# Task goal
Would you copy out only the lines from the one with "# Drawn here: x" to the end of the records, exactly as they stand?

# Data for this exercise

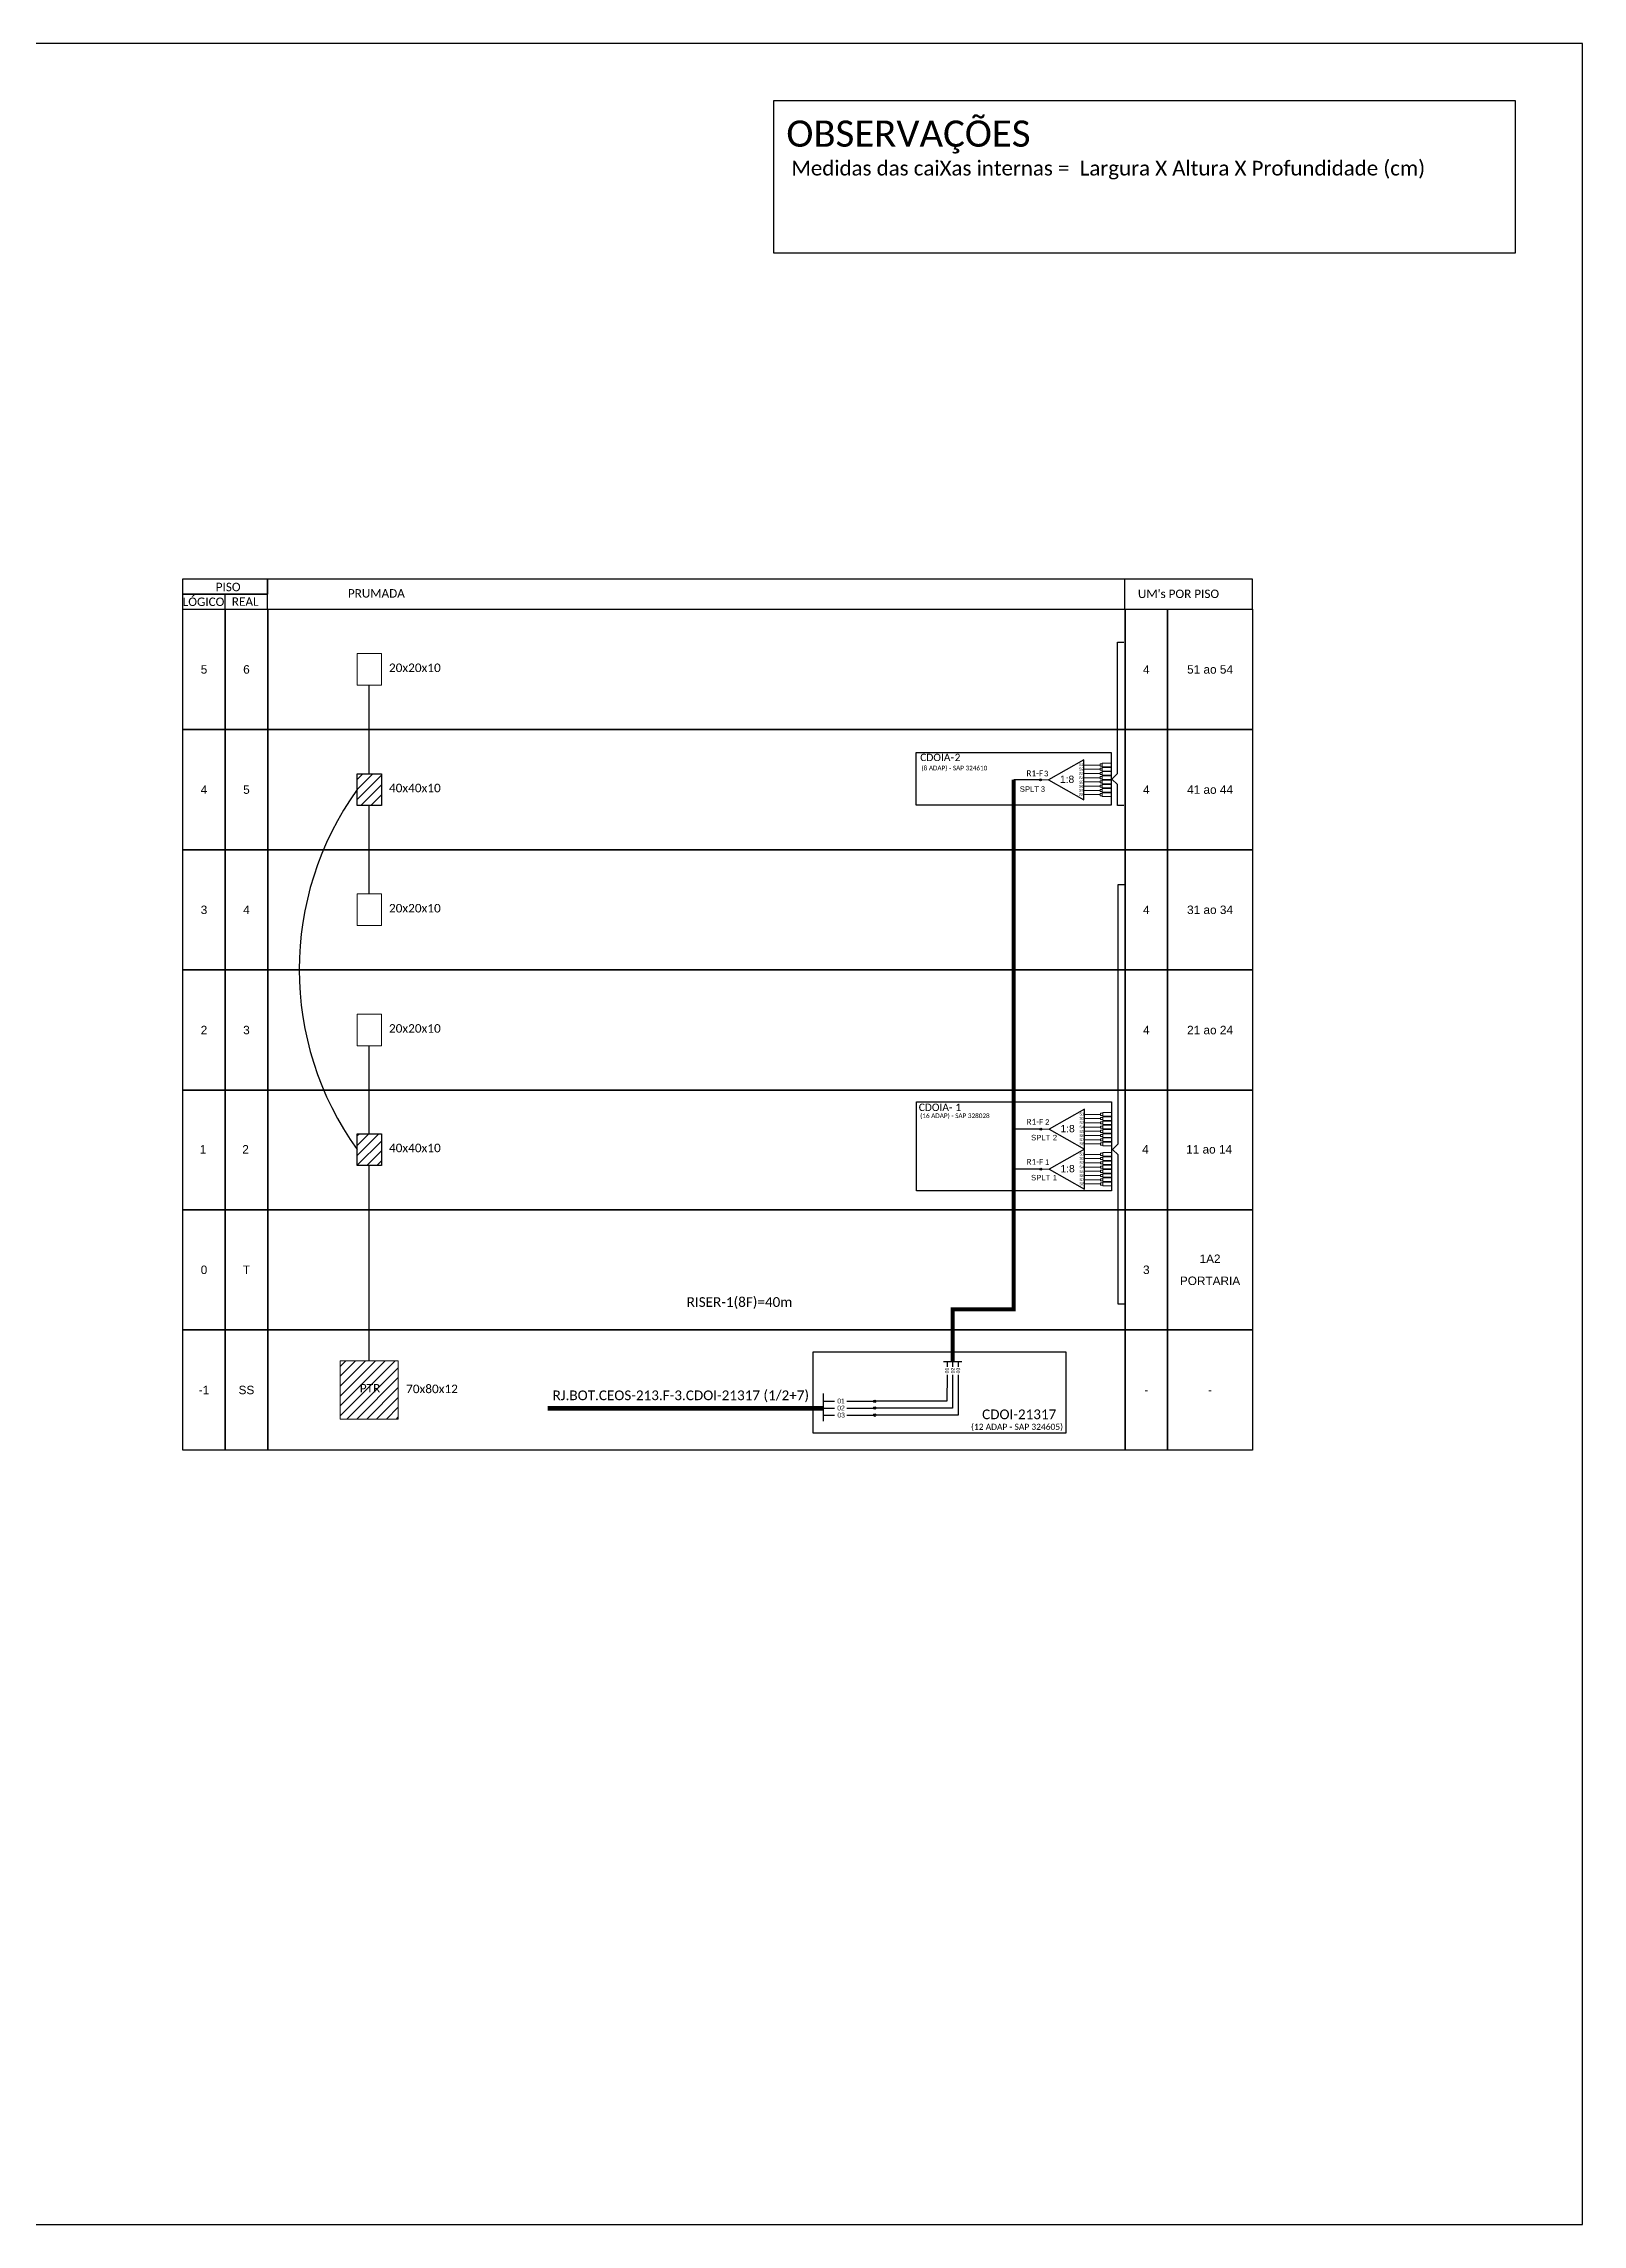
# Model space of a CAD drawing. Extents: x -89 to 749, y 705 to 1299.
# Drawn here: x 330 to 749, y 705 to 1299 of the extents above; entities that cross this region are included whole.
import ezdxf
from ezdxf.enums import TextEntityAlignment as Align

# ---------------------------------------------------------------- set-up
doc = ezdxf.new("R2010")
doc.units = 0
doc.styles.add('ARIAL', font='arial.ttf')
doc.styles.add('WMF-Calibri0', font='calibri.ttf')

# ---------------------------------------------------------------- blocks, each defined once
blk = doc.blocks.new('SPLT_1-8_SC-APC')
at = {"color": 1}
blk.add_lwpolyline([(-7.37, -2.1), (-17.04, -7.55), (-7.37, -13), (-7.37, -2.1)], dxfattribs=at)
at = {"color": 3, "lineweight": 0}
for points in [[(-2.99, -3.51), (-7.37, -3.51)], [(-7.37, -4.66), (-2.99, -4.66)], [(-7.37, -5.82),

# Task response
# Drawn here: x 330 to 749, y 705 to 1299 of the extents above; entities that cross this region are included whole.
import ezdxf
from ezdxf.enums import TextEntityAlignment as Align

# ---------------------------------------------------------------- set-up
doc = ezdxf.new("R2010")
doc.units = 0
doc.styles.add('ARIAL', font='arial.ttf')
doc.styles.add('WMF-Calibri0', font='calibri.ttf')

# ---------------------------------------------------------------- blocks, each defined once
blk = doc.blocks.new('SPLT_1-8_SC-APC')
at = {"color": 1}
blk.add_lwpolyline([(-7.37, -2.1), (-17.04, -7.55), (-7.37, -13), (-7.37, -2.1)], dxfattribs=at)
at = {"color": 3, "lineweight": 0}
for points in [[(-2.99, -3.51), (-7.37, -3.51)], [(-7.37, -4.66), (-2.99, -4.66)], [(-7.37, -5.82),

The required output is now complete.